> [Available data]:
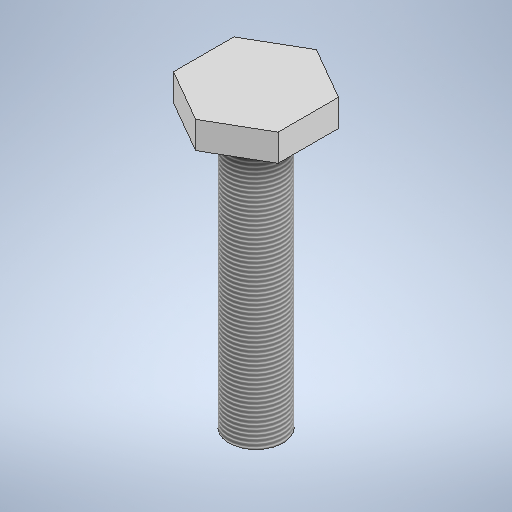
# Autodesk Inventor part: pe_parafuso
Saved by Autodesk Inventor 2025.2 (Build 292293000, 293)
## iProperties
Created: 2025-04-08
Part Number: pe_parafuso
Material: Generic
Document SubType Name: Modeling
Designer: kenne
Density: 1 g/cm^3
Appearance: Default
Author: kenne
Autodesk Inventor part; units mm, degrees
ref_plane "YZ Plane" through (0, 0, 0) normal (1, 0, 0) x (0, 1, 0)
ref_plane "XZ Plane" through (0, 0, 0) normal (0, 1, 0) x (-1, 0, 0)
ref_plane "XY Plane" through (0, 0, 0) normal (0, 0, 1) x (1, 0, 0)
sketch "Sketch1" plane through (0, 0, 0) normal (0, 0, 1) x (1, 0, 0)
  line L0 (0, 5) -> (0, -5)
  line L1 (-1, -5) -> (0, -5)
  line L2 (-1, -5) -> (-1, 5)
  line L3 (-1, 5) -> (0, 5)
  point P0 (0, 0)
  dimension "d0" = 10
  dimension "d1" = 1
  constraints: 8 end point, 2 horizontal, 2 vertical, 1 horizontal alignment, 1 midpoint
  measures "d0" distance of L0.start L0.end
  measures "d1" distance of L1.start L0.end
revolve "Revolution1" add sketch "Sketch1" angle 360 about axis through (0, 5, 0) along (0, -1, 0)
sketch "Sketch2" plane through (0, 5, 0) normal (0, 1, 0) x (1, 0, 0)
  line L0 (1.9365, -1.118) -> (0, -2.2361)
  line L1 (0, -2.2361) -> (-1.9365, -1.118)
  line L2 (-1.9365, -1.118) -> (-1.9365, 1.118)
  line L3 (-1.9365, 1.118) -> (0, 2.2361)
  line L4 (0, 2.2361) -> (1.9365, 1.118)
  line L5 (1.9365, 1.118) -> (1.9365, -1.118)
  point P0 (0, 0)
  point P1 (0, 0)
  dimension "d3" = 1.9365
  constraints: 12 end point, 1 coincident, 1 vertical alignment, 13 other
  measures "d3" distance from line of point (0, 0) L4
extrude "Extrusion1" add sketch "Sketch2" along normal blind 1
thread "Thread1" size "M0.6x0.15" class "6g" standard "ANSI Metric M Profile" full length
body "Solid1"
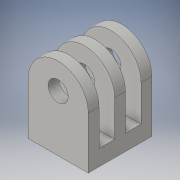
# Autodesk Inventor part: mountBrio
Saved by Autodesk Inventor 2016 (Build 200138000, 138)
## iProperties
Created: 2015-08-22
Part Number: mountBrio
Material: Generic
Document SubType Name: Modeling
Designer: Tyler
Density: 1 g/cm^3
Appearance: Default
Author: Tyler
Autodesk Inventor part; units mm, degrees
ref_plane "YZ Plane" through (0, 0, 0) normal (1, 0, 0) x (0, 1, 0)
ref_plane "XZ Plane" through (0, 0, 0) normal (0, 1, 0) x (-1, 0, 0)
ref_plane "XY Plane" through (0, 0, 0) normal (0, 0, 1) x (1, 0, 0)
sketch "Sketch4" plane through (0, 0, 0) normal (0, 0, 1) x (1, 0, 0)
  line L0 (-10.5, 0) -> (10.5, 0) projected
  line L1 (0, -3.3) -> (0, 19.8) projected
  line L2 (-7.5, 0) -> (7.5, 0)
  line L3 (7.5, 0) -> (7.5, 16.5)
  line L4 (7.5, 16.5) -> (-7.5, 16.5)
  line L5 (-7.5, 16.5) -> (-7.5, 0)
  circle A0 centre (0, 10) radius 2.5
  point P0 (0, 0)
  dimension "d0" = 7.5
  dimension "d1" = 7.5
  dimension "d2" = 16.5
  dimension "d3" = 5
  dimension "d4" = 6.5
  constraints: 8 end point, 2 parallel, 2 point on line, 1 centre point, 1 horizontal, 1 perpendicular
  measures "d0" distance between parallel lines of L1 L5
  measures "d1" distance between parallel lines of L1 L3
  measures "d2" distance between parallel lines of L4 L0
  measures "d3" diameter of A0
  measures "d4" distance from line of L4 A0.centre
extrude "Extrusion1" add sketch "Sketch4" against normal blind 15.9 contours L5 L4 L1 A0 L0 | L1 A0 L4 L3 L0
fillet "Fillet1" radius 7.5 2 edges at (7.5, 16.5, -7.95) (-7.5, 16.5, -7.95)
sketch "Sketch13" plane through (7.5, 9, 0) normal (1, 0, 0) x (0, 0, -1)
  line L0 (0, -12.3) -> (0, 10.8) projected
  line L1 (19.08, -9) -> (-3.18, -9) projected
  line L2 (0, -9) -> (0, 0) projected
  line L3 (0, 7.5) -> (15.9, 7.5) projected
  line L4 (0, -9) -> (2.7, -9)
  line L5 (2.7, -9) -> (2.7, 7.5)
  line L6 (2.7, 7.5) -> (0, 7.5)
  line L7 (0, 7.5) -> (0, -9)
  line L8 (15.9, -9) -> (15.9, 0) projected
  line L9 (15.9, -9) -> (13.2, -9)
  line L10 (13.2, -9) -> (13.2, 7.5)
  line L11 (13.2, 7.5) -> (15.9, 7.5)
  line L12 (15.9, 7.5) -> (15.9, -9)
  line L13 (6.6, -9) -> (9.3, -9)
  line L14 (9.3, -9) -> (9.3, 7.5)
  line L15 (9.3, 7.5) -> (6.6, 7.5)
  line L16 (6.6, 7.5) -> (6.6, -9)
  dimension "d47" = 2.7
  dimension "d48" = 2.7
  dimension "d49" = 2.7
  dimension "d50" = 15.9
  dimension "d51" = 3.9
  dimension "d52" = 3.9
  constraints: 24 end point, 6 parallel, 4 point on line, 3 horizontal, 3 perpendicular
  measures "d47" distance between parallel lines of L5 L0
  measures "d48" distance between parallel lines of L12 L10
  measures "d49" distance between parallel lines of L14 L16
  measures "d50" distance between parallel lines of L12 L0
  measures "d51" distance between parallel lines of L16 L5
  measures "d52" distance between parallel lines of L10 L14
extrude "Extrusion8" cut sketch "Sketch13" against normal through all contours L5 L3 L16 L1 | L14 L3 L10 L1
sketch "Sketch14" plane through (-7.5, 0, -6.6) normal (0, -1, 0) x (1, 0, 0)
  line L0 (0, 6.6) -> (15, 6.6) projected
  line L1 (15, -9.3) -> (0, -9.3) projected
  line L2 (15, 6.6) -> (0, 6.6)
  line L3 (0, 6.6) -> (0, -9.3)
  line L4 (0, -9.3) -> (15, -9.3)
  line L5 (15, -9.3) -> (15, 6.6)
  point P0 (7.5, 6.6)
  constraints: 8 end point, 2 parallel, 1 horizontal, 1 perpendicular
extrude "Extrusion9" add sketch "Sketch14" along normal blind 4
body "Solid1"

> [Task prompt]: Please give back exactly the lines of this listing beginning at the line with "line L0 (0, -12.3) -> (0, 10.8) projected" and ending with the line with "lines of L5 L0", both included, and nothing else.

> [Result of the exercise]:
  line L0 (0, -12.3) -> (0, 10.8) projected
  line L1 (19.08, -9) -> (-3.18, -9) projected
  line L2 (0, -9) -> (0, 0) projected
  line L3 (0, 7.5) -> (15.9, 7.5) projected
  line L4 (0, -9) -> (2.7, -9)
  line L5 (2.7, -9) -> (2.7, 7.5)
  line L6 (2.7, 7.5) -> (0, 7.5)
  line L7 (0, 7.5) -> (0, -9)
  line L8 (15.9, -9) -> (15.9, 0) projected
  line L9 (15.9, -9) -> (13.2, -9)
  line L10 (13.2, -9) -> (13.2, 7.5)
  line L11 (13.2, 7.5) -> (15.9, 7.5)
  line L12 (15.9, 7.5) -> (15.9, -9)
  line L13 (6.6, -9) -> (9.3, -9)
  line L14 (9.3, -9) -> (9.3, 7.5)
  line L15 (9.3, 7.5) -> (6.6, 7.5)
  line L16 (6.6, 7.5) -> (6.6, -9)
  dimension "d47" = 2.7
  dimension "d48" = 2.7
  dimension "d49" = 2.7
  dimension "d50" = 15.9
  dimension "d51" = 3.9
  dimension "d52" = 3.9
  constraints: 24 end point, 6 parallel, 4 point on line, 3 horizontal, 3 perpendicular
  measures "d47" distance between parallel lines of L5 L0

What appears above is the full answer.